The delays in a rail network and, more in general, the performances of the service are influenced by the topological structure of the network. The notion is that a more resilient and/or robust network should guarantee lower cascade delays and faster recovery in case of disruptions. In this chapter, the different multi-scale rail networks (this includes both local London overground rail services and national major rail services) in morning peak-hours are analysed separately and the results are compared with the **Public Performance Measures** provided by the ORR (Office of Rail and Road),^{8} an independent regulator that monitors the rail industry’s health and safety performance. ORR holds Network Rail^{9} the company that, with 20 000 miles of track, owns, operates and develops Britain’s railway infrastructure.

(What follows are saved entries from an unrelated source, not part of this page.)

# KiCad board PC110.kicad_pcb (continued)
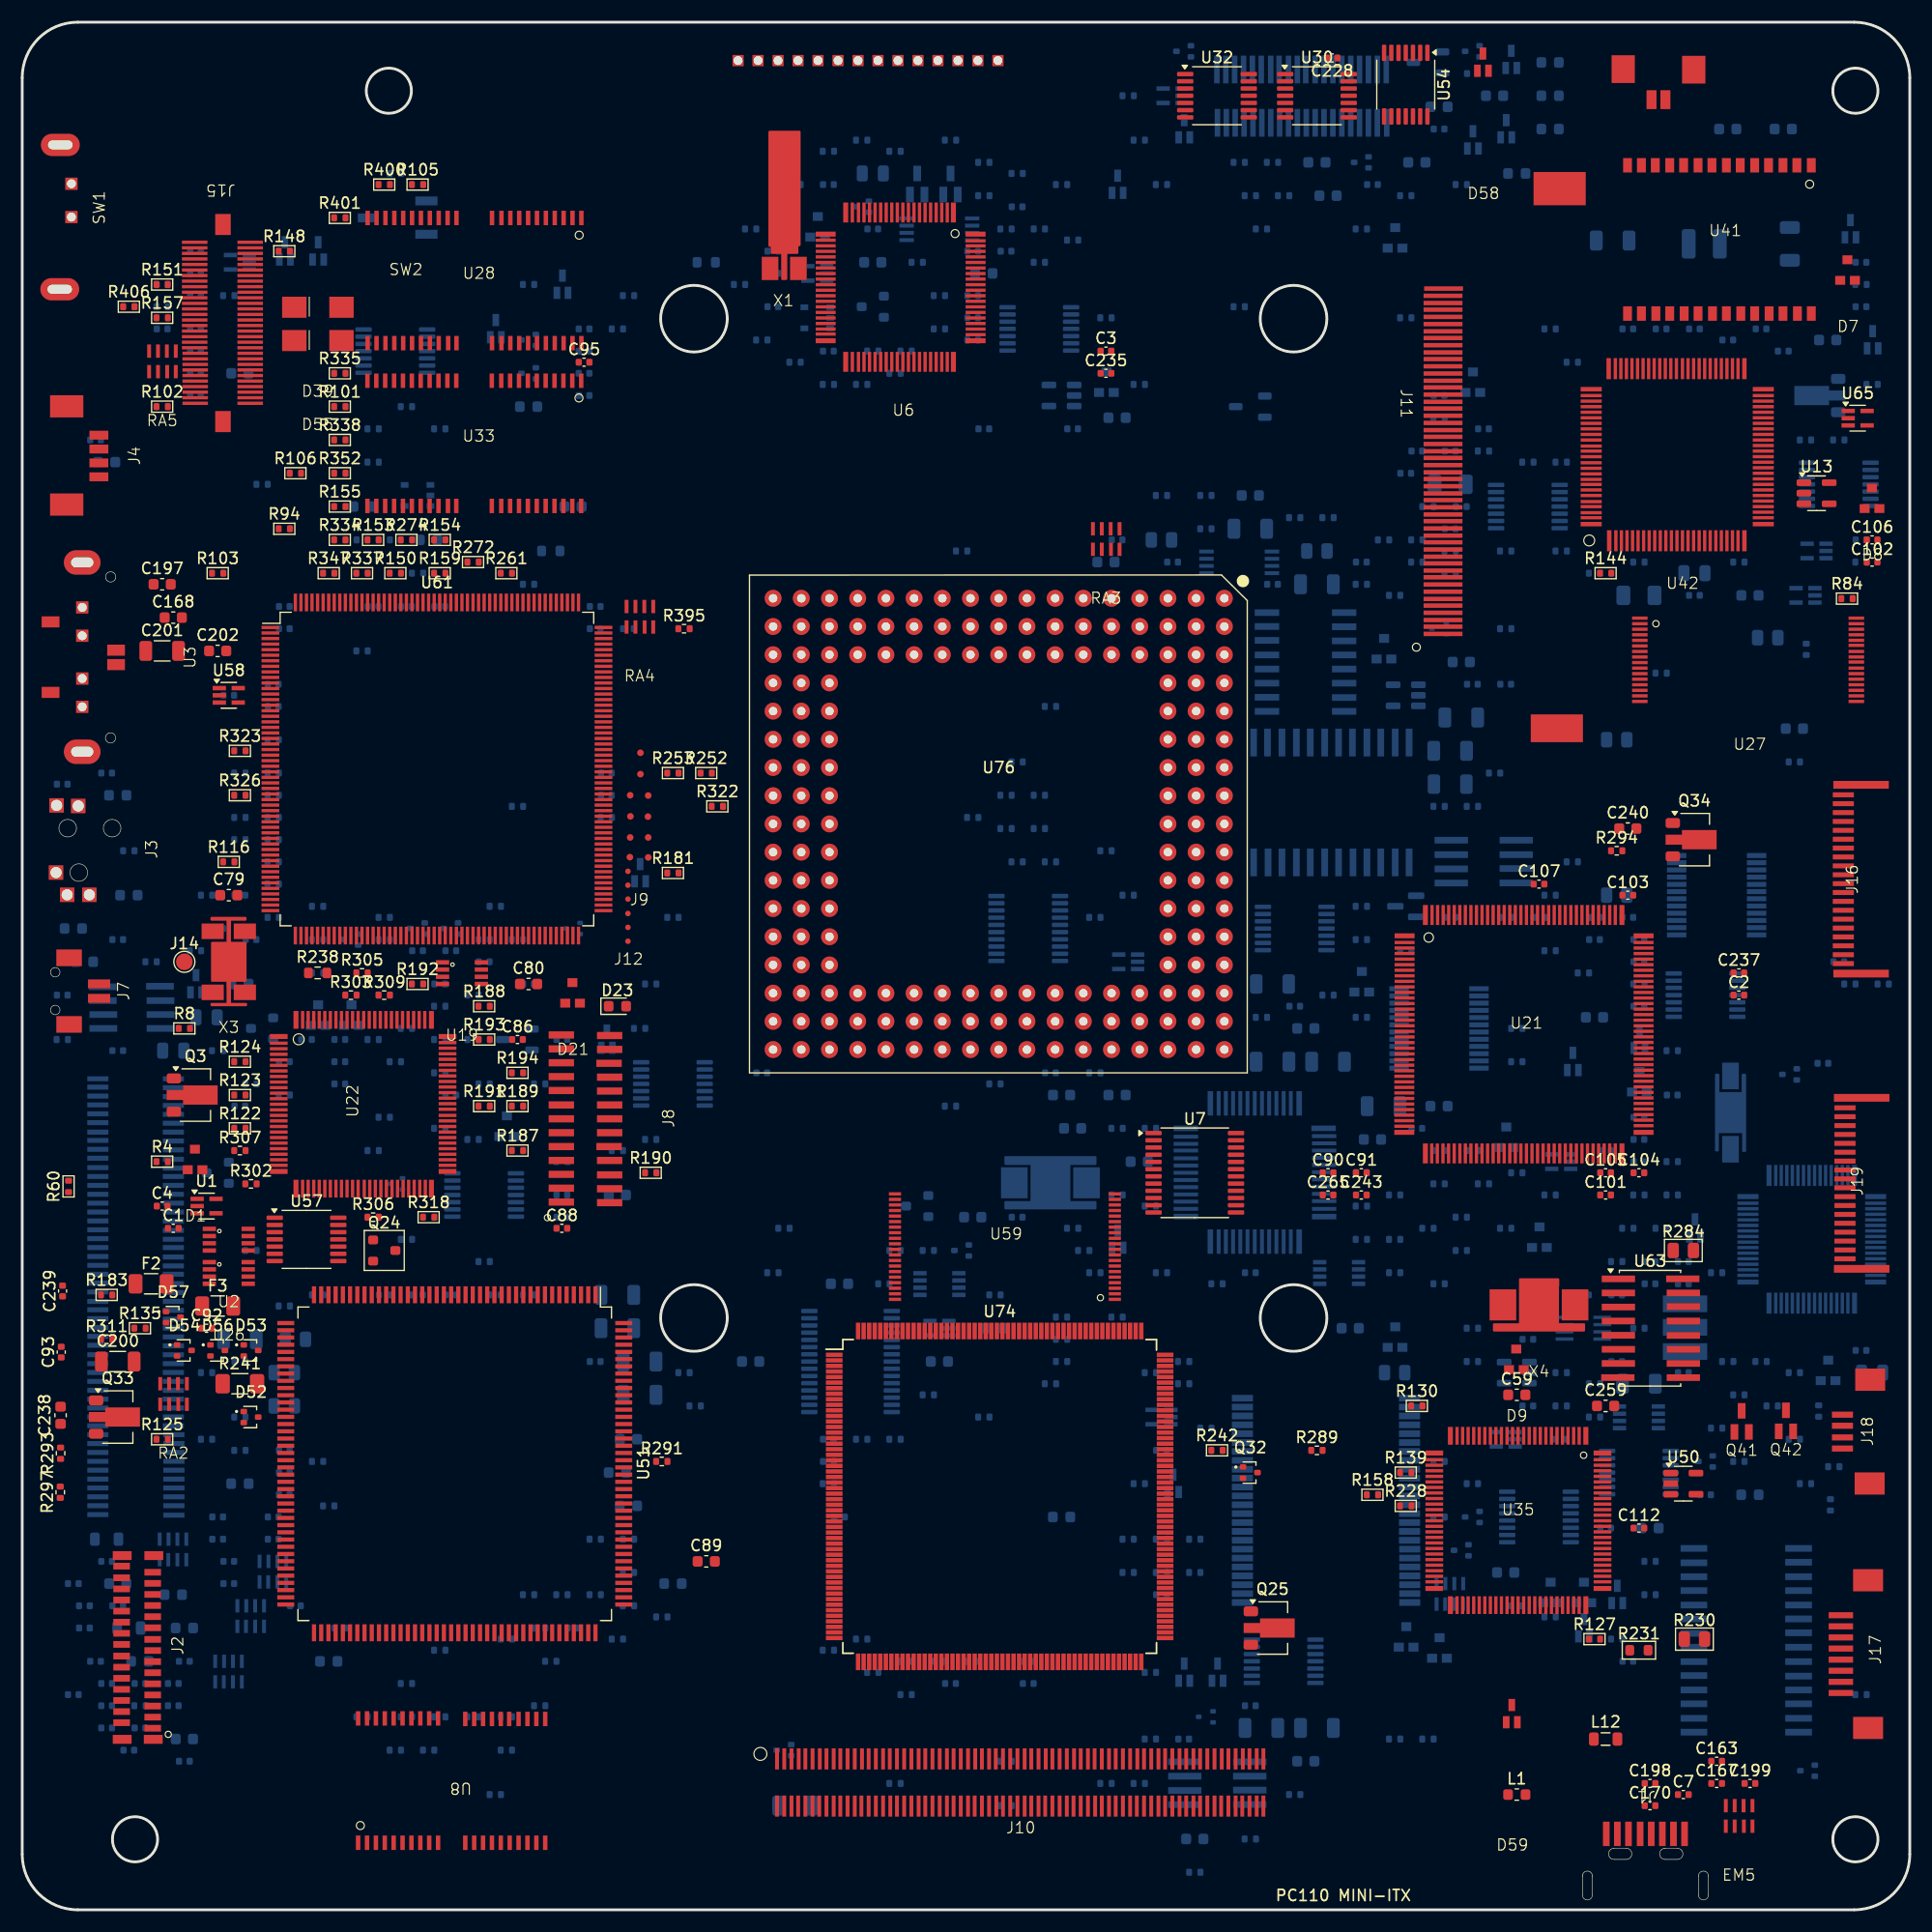
[diagram p0: board, top side]
## Library data of the parts (continued)
C6 C8 C9 C14 C16 C19 C27 C28 C35 C44 C50 C52-C63 C66 C68-C71 C74 C76 C78-C80 C82 C94 C96-C100 C102-C107 C111 C112 C114-C117 C119 C121-C123 C125 C127 C128 C130-C134 C137-C146 C148 C149 C151-C153 C155 C157-C159 C161 C164 C165 C203-C205 C208 C209 C211-C217 C219 C220 C223 C231 C236 C241 C244 C247 C248 C250-C253 C255 C262 C263 C266 C267 C269 C271 C274-C277 C280 = -: ki_fp_filters: C_*
C270 R1-R69 R71-R413 = -: ki_fp_filters: R_*
D6 D7 D23 D36 D38 D39 D41 D44 D47 D48 D50 D51 D55 = -: ki_fp_filters: TO-???* *_Diode_* *SingleDiode* D_*
D52-D54 D56 D57 = -: ki_fp_filters: SOT?323*
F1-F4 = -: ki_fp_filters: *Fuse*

In particular, two performance measures are used in our comparison:

**PPM**. The *Public Performance Measure* combines figures for punctuality and reliability into a single performance measure. Usually, it shows the percentage of trains which arrive at their terminating station within 5 min (for London and South East and regional services) or 10 min (for long distance services).^{10} In this paper, for the sake of clarity, we define the **oPPM** with the opposite value of the PPM ($\text{oPPM}\hspace{0.17em}=100\text{\%}-\text{PPM}$). oPPM is the percentage of trains which do not arrive at their terminating station within 5 or 10 min (depending on the distance).

**CaSL**. The *Cancellation and Significant Lateness* is a percentage measure of scheduled passenger trains which are either cancelled (including those cancelled en route) or arrive at their scheduled destination more than 30 min late (see footnote 10).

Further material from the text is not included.